#### Records to use ####

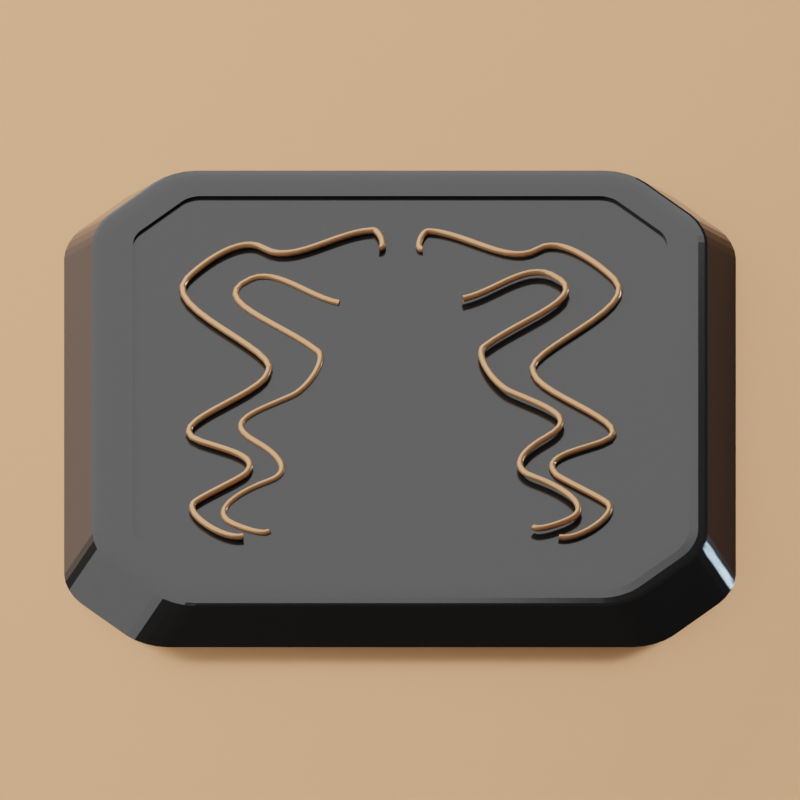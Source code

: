 # Source: Car-charger.blend  (saved by Blender 4.2.66; exported with 4.5.12 LTS)
import bpy
from mathutils import Matrix  # noqa: F401  (used for matrix-valued properties, if any)

bpy.ops.wm.read_factory_settings(use_empty=True)
scene = bpy.context.scene
scene.name = 'Scene'

# ---- collections
col_camera = bpy.data.collections.new('Camera'); scene.collection.children.link(col_camera)
col_grid = bpy.data.collections.new('Grid'); scene.collection.children.link(col_grid)
col_grid_even = bpy.data.collections.new('Grid-Even'); col_grid.children.link(col_grid_even)
col_grid_odd = bpy.data.collections.new('Grid-Odd'); col_grid.children.link(col_grid_odd)
col_material_samples = bpy.data.collections.new('Material Samples'); scene.collection.children.link(col_material_samples)
col_lighting = bpy.data.collections.new('Lighting'); scene.collection.children.link(col_lighting)
col_shadow_lamp = bpy.data.collections.new('Shadow Lamp'); scene.collection.children.link(col_shadow_lamp)
col_ground = bpy.data.collections.new('Ground'); scene.collection.children.link(col_ground)
col_model = bpy.data.collections.new('Model'); scene.collection.children.link(col_model)

# ---- materials (node trees are filled in below, after node groups)
mat_height = bpy.data.materials.new('HEIGHT')
mat_material_002 = bpy.data.materials.new('Material.002')
mat_light_001 = bpy.data.materials.new('Light.001')
mat_light_001.alpha_threshold = 0.0
mat_light_001.roughness = 0.5
mat_light_001.line_color = (0.0, 0.0, 0.0, 1.0)
mat_light_000 = bpy.data.materials.new('Light.000')
mat_light_000.alpha_threshold = 0.0
mat_light_000.roughness = 0.5
mat_light_000.line_color = (0.0, 0.0, 0.0, 1.0)
mat_material_001 = bpy.data.materials.new('Material.001')

# ---- material node trees
mat_height.use_nodes = True; mat_height.node_tree.nodes.clear()
_N = mat_height.node_tree.nodes; _L = mat_height.node_tree.links
n0 = _N.new('ShaderNodeNewGeometry'); n0.name = 'HEIGHT-Geometry'; n0.location = (-400, 0)
n0.label = 'HEIGHT-Geometry'
n1 = _N.new('ShaderNodeSeparateXYZ'); n1.name = 'HEIGHT-SeparateXYZ'; n1.location = (180, 0)
n1.label = 'HEIGHT-SeparateXYZ'
n2 = _N.new('ShaderNodeEmission'); n2.name = 'HEIGHT-Emission'; n2.location = (380, 0)
n2.label = 'HEIGHT-Emission'
n3 = _N.new('ShaderNodeOutputMaterial'); n3.name = 'HEIGHT-MaterialOutput'; n3.location = (580, 0)
n3.label = 'HEIGHT-MaterialOutput'
n4 = _N.new('ShaderNodeMapping'); n4.name = 'HEIGHT-Mapping'; n4.location = (-200, 0)
n4.label = 'HEIGHT-Mapping'
n4.inputs[3].default_value = (1.0, 1.0, 0.1)
_L.new(n0.outputs[0], n4.inputs[0])
_L.new(n4.outputs[0], n1.inputs[0])
_L.new(n1.outputs[2], n2.inputs[0])
_L.new(n2.outputs[0], n3.inputs[0])
n3.is_active_output = True
mat_material_002.use_nodes = True; mat_material_002.node_tree.nodes.clear()
_N = mat_material_002.node_tree.nodes; _L = mat_material_002.node_tree.links
n0 = _N.new('ShaderNodeBsdfPrincipled'); n0.name = 'Principled BSDF'; n0.location = (10, 300)
n0.inputs[0].default_value = (0.8015, 0.3938, 0.1805, 1.0)
n0.inputs[1].default_value = 0.3938
n0.inputs[2].default_value = 0.2123
n1 = _N.new('ShaderNodeOutputMaterial'); n1.name = 'Material Output'; n1.location = (300, 300)
_L.new(n0.outputs[0], n1.inputs[0])
n1.is_active_output = True
mat_light_001.use_nodes = True; mat_light_001.node_tree.nodes.clear()
_N = mat_light_001.node_tree.nodes; _L = mat_light_001.node_tree.links
n0 = _N.new('ShaderNodeOutputMaterial'); n0.name = 'Material Output'; n0.location = (532, 294)
n0.width = 120
n1 = _N.new('ShaderNodeMixShader'); n1.name = 'Mix Shader'; n1.location = (322, 301)
n1.width = 150
n2 = _N.new('ShaderNodeLightPath'); n2.name = 'Light Path'; n2.location = (22, 407)
n2.width = 150
n3 = _N.new('ShaderNodeBsdfTransparent'); n3.name = 'Transparent BSDF'; n3.location = (64, 73)
n3.width = 150
n4 = _N.new('ShaderNodeEmission'); n4.name = 'Emission'; n4.location = (59, 177)
n4.width = 150
n4.inputs[0].default_value = (0.8, 0.8, 0.8, 1.0)
n4.inputs[1].default_value = 2.0
_L.new(n4.outputs[0], n1.inputs[1])
_L.new(n1.outputs[0], n0.inputs[0])
_L.new(n2.outputs[0], n1.inputs[0])
_L.new(n3.outputs[0], n1.inputs[2])
n0.is_active_output = True
mat_light_000.use_nodes = True; mat_light_000.node_tree.nodes.clear()
_N = mat_light_000.node_tree.nodes; _L = mat_light_000.node_tree.links
n0 = _N.new('ShaderNodeOutputMaterial'); n0.name = 'Material Output'; n0.location = (532, 294)
n0.width = 120
n1 = _N.new('ShaderNodeMixShader'); n1.name = 'Mix Shader'; n1.location = (322, 301)
n1.width = 150
n2 = _N.new('ShaderNodeLightPath'); n2.name = 'Light Path'; n2.location = (22, 407)
n2.width = 150
n3 = _N.new('ShaderNodeBsdfTransparent'); n3.name = 'Transparent BSDF'; n3.location = (64, 73)
n3.width = 150
n4 = _N.new('ShaderNodeEmission'); n4.name = 'Emission'; n4.location = (46, 182)
n4.width = 150
n4.inputs[0].default_value = (0.8, 0.8, 0.8, 1.0)
_L.new(n4.outputs[0], n1.inputs[1])
_L.new(n1.outputs[0], n0.inputs[0])
_L.new(n2.outputs[0], n1.inputs[0])
_L.new(n3.outputs[0], n1.inputs[2])
n0.is_active_output = True
mat_material_001.use_nodes = True; mat_material_001.node_tree.nodes.clear()
_N = mat_material_001.node_tree.nodes; _L = mat_material_001.node_tree.links
n0 = _N.new('ShaderNodeBsdfPrincipled'); n0.name = 'Principled BSDF'; n0.location = (10, 300)
n0.inputs[0].default_value = (0.05748, 0.05748, 0.05748, 1.0)
n0.inputs[1].default_value = 0.7055
n0.inputs[2].default_value = 0.1267
n1 = _N.new('ShaderNodeOutputMaterial'); n1.name = 'Material Output'; n1.location = (300, 300)
_L.new(n0.outputs[0], n1.inputs[0])
n1.is_active_output = True

# ---- world
world_world = bpy.data.worlds.new('World'); scene.world = world_world
world_world.use_nodes = True; world_world.node_tree.nodes.clear()
_N = world_world.node_tree.nodes; _L = world_world.node_tree.links
n0 = _N.new('ShaderNodeOutputWorld'); n0.name = 'World Output'; n0.location = (300, 300)
n1 = _N.new('ShaderNodeBackground'); n1.name = 'Background'; n1.location = (10, 300)
n1.inputs[0].default_value = (0.05088, 0.05088, 0.05088, 1.0)
_L.new(n1.outputs[0], n0.inputs[0])
n0.is_active_output = True
world_world.color = (0.05088, 0.05088, 0.05088)
world_world.use_sun_shadow = False
world_world.sun_shadow_jitter_overblur = 0.0

# ---- cameras
cam_came_game_001 = bpy.data.cameras.new('CAME-GAME.001')
cam_came_game_001.type = 'ORTHO'
cam_came_game_001.passepartout_alpha = 1.0
cam_came_game_001.clip_start = 0.001
cam_came_game_001.clip_end = 1e+04
cam_came_game_001.lens = 35.0
cam_came_game_001.sensor_width = 32.0
cam_came_game_001.sensor_height = 18.0
cam_came_game_001.ortho_scale = 13.4
cam_came_game_001.shift_y = -0.1
cam_came_game_001.show_passepartout = False
cam_came_game_001.show_name = True
cam_came_game_001.show_sensor = True
cam_came_game_001.dof.focus_distance = 2170.0

# ---- lights
light_sun_000 = bpy.data.lights.new('Sun.000', 'SUN')
light_sun_000.color = (0.9986, 1.0, 0.6984)
light_sun_000.transmission_factor = 0.0
light_sun_000.angle = 0.1993
light_sun_000.energy = 4.0
light_sun_000.shadow_buffer_clip_start = 0.5
light_sun_000.shadow_soft_size = 0.1
light_sun_000.shadow_cascade_max_distance = 1000.0
light_sun_000.cycles.use_multiple_importance_sampling = False
light_sun_002 = bpy.data.lights.new('Sun.002', 'SUN')
light_sun_002.color = (0.532, 0.7717, 1.0)
light_sun_002.transmission_factor = 0.0
light_sun_002.angle = 0.1993
light_sun_002.energy = 1.0
light_sun_002.shadow_buffer_clip_start = 0.5
light_sun_002.shadow_soft_size = 0.1
light_sun_002.shadow_cascade_max_distance = 1000.0
light_sun_002.cycles.use_multiple_importance_sampling = False
light_sun_001 = bpy.data.lights.new('Sun.001', 'SUN')
light_sun_001.transmission_factor = 0.0
light_sun_001.angle = 0.002
light_sun_001.energy = 5.0
light_sun_001.shadow_buffer_clip_start = 0.5
light_sun_001.shadow_soft_size = 0.001
light_sun_001.shadow_cascade_max_distance = 1000.0

# ---- meshes
me_grid_even = bpy.data.meshes.new('Grid-Even')
me_grid_even.from_pydata([(0.0, -2.608e-08, 0.0), (0.25, -1.49e-08, 0.0), (0.0, 0.3536, 0.0), (0.25, 0.3536, 0.0)], [(0, 1), (3, 2), (2, 0), (3, 1)], [])
_uv = me_grid_even.uv_layers.new(name='UVMap')
_uv.uv.foreach_set('vector', [])
me_grid_even.use_remesh_fix_poles = True
me_grid_even.use_remesh_preserve_attributes = False
me_grid_even.use_mirror_vertex_groups = False
me_grid_even.update()
me_grid_odd = bpy.data.meshes.new('Grid-Odd')
me_grid_odd.from_pydata([(-0.125, -0.1768, 0.0), (0.125, -0.1768, 0.0), (-0.125, 0.1768, 0.0), (0.125, 0.1768, 0.0)], [(0, 1), (3, 2), (2, 0), (3, 1)], [])
_uv = me_grid_odd.uv_layers.new(name='UVMap')
_uv.uv.foreach_set('vector', [])
me_grid_odd.use_remesh_fix_poles = True
me_grid_odd.use_remesh_preserve_attributes = False
me_grid_odd.use_mirror_vertex_groups = False
me_grid_odd.update()
me_cube_002 = bpy.data.meshes.new('Cube.002')
me_cube_002.from_pydata([(-1.0, -1.0, -1.0), (-1.0, -1.0, 1.0), (-1.0, 1.0, -1.0), (-1.0, 1.0, 1.0), (1.0, -1.0, -1.0), (1.0, -1.0, 1.0), (1.0, 1.0, -1.0), (1.0, 1.0, 1.0)], [], [(0, 1, 3, 2), (2, 3, 7, 6), (6, 7, 5, 4), (4, 5, 1, 0), (2, 6, 4, 0), (7, 3, 1, 5)])
_uv = me_cube_002.uv_layers.new(name='UVMap')
_uv.uv.foreach_set('vector', [0.375, 0.0, 0.625, 0.0, 0.625, 0.25, 0.375, 0.25, 0.375, 0.25, 0.625, 0.25, 0.625, 0.5, 0.375, 0.5, 0.375, 0.5, 0.625, 0.5, 0.625, 0.75, 0.375, 0.75, 0.375, 0.75, 0.625, 0.75, 0.625, 1.0, 0.375, 1.0, 0.125, 0.5, 0.375, 0.5, 0.375, 0.75, 0.125, 0.75, 0.625, 0.5, 0.875, 0.5, 0.875, 0.75, 0.625, 0.75])
me_cube_002.materials.append(mat_height)
me_cube_002.use_remesh_fix_poles = True
me_cube_002.use_remesh_preserve_attributes = False
me_cube_002.use_mirror_vertex_groups = False
me_cube_002.update()
me_plane_006 = bpy.data.meshes.new('Plane.006')
me_plane_006.from_pydata([(1.0, -1.0, 0.0), (-1.0, -1.0, 0.0), (1.0, 1.0, 0.0), (-1.0, 1.0, 0.0)], [], [(1, 0, 2, 3)])
me_plane_006.materials.append(mat_light_001)
me_plane_006.use_remesh_preserve_volume = False
me_plane_006.use_remesh_preserve_attributes = False
me_plane_006.use_mirror_vertex_groups = False
me_plane_006.update()
me_plane_001 = bpy.data.meshes.new('Plane.001')
me_plane_001.from_pydata([(1.0, -1.0, 0.0), (-1.0, -1.0, 0.0), (1.0, 1.0, 0.0), (-1.0, 1.0, 0.0)], [], [(1, 0, 2, 3)])
me_plane_001.materials.append(mat_light_000)
me_plane_001.use_remesh_preserve_volume = False
me_plane_001.use_remesh_preserve_attributes = False
me_plane_001.use_mirror_vertex_groups = False
me_plane_001.update()
me_plane = bpy.data.meshes.new('Plane')
me_plane.from_pydata([(-1.0, -1.414, 0.0), (1.0, -1.414, 0.0), (-1.0, 1.414, 0.0), (1.0, 1.414, 0.0)], [], [(3, 2, 0, 1)])
_uv = me_plane.uv_layers.new(name='UVMap')
_uv.uv.foreach_set('vector', [1.0, 1.0, 0.0, 1.0, 0.0, 0.0, 1.0, 0.0])
me_plane.materials.append(mat_material_002)
me_plane.use_remesh_fix_poles = True
me_plane.use_remesh_preserve_attributes = False
me_plane.use_mirror_vertex_groups = False
me_plane.update()
me_cube_001 = bpy.data.meshes.new('Cube.001')
me_cube_001.from_pydata([(-4.472, -4.701, 4.217), (-5.153, -4.768, 3.779), (-4.842, -4.726, 4.184), (-4.994, -4.741, 4.089), (-5.103, -4.755, 3.947), (-4.353, -4.988, 4.217), (-4.874, -5.44, 3.779), (-4.631, -5.234, 4.184), (-4.748, -5.335, 4.089), (-4.833, -5.407, 3.947), (-4.463, -4.775, 4.217), (-5.132, -4.94, 3.779), (-4.826, -4.856, 4.184), (-4.975, -4.893, 4.089), (-5.083, -4.922, 3.947), (-4.437, -4.855, 4.217), (-5.071, -5.128, 3.779), (-4.78, -4.998, 4.184), (-4.922, -5.059, 4.089), (-5.024, -5.105, 3.947), (-4.399, -4.93, 4.217), (-4.981, -5.304, 3.779), (-4.712, -5.131, 4.184), (-4.842, -5.214, 4.089), (-4.936, -5.275, 3.947), (-3.645, -5.694, 4.217), (-4.111, -6.202, 3.779), (-3.891, -5.972, 4.184), (-3.995, -6.085, 4.089), (-4.072, -6.166, 3.947), (-3.355, -5.814, 4.217), (-3.437, -6.48, 3.779), (-3.381, -6.182, 4.184), (-3.399, -6.331, 4.089), (-3.419, -6.435, 3.946), (-3.587, -5.74, 4.217), (-3.974, -6.308, 3.779), (-3.788, -6.052, 4.184), (-3.874, -6.179, 4.089), (-3.94, -6.269, 3.947), (-3.511, -5.779, 4.217), (-3.798, -6.398, 3.779), (-3.655, -6.12, 4.184), (-3.718, -6.259, 4.089), (-3.769, -6.356, 3.947), (-3.43, -5.805, 4.217), (-3.609, -6.458, 3.779), (-3.512, -6.166, 4.184), (-3.552, -6.312, 4.089), (-3.586, -6.415, 3.946), (-3.355, 3.17, 4.217), (-3.437, 3.835, 3.779), (-3.381, 3.538, 4.184), (-3.399, 3.687, 4.089), (-3.419, 3.791, 3.946), (-3.645, 3.05, 4.217), (-4.111, 3.558, 3.779), (-3.891, 3.328, 4.184), (-3.995, 3.441, 4.089), (-4.072, 3.522, 3.947), (-3.43, 3.16, 4.217), (-3.609, 3.814, 3.779), (-3.512, 3.522, 4.184), (-3.552, 3.668, 4.089), (-3.586, 3.771, 3.946), (-3.511, 3.134, 4.217), (-3.798, 3.754, 3.779), (-3.655, 3.476, 4.184), (-3.718, 3.615, 4.089), (-3.769, 3.712, 3.947), (-3.587, 3.096, 4.217), (-3.974, 3.664, 3.779), (-3.788, 3.408, 4.184), (-3.874, 3.535, 4.089), (-3.94, 3.625, 3.947), (-4.353, 2.344, 4.217), (-4.874, 2.796, 3.779), (-4.631, 2.59, 4.184), (-4.748, 2.691, 4.089), (-4.833, 2.763, 3.947), (-4.472, 2.057, 4.217), (-5.153, 2.124, 3.779), (-4.842, 2.082, 4.184), (-4.994, 2.096, 4.089), (-5.103, 2.111, 3.947), (-4.399, 2.286, 4.217), (-4.981, 2.66, 3.779), (-4.712, 2.487, 4.184), (-4.842, 2.57, 4.089), (-4.936, 2.631, 3.947), (-4.437, 2.211, 4.217), (-5.071, 2.484, 3.779), (-4.78, 2.354, 4.184), (-4.922, 2.415, 4.089), (-5.024, 2.461, 3.947), (-4.463, 2.13, 4.217), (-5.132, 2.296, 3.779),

####

• **About this task**:
The images in the entries above should be left out; please reproduce exactly the lines from the first through the one containing "# ---- material node trees".

• **Answer to this exercise**:
Source code

: # Source: Car-charger.blend  (saved by Blender 4.2.66; exported with 4.5.12 LTS)
import bpy
from mathutils import Matrix  # noqa: F401  (used for matrix-valued properties, if any)

bpy.ops.wm.read_factory_settings(use_empty=True)
scene = bpy.context.scene
scene.name = 'Scene'

# ---- collections
col_camera = bpy.data.collections.new('Camera'); scene.collection.children.link(col_camera)
col_grid = bpy.data.collections.new('Grid'); scene.collection.children.link(col_grid)
col_grid_even = bpy.data.collections.new('Grid-Even'); col_grid.children.link(col_grid_even)
col_grid_odd = bpy.data.collections.new('Grid-Odd'); col_grid.children.link(col_grid_odd)
col_material_samples = bpy.data.collections.new('Material Samples'); scene.collection.children.link(col_material_samples)
col_lighting = bpy.data.collections.new('Lighting'); scene.collection.children.link(col_lighting)
col_shadow_lamp = bpy.data.collections.new('Shadow Lamp'); scene.collection.children.link(col_shadow_lamp)
col_ground = bpy.data.collections.new('Ground'); scene.collection.children.link(col_ground)
col_model = bpy.data.collections.new('Model'); scene.collection.children.link(col_model)

# ---- materials (node trees are filled in below, after node groups)
mat_height = bpy.data.materials.new('HEIGHT')
mat_material_002 = bpy.data.materials.new('Material.002')
mat_light_001 = bpy.data.materials.new('Light.001')
mat_light_001.alpha_threshold = 0.0
mat_light_001.roughness = 0.5
mat_light_001.line_color = (0.0, 0.0, 0.0, 1.0)
mat_light_000 = bpy.data.materials.new('Light.000')
mat_light_000.alpha_threshold = 0.0
mat_light_000.roughness = 0.5
mat_light_000.line_color = (0.0, 0.0, 0.0, 1.0)
mat_material_001 = bpy.data.materials.new('Material.001')

# ---- material node trees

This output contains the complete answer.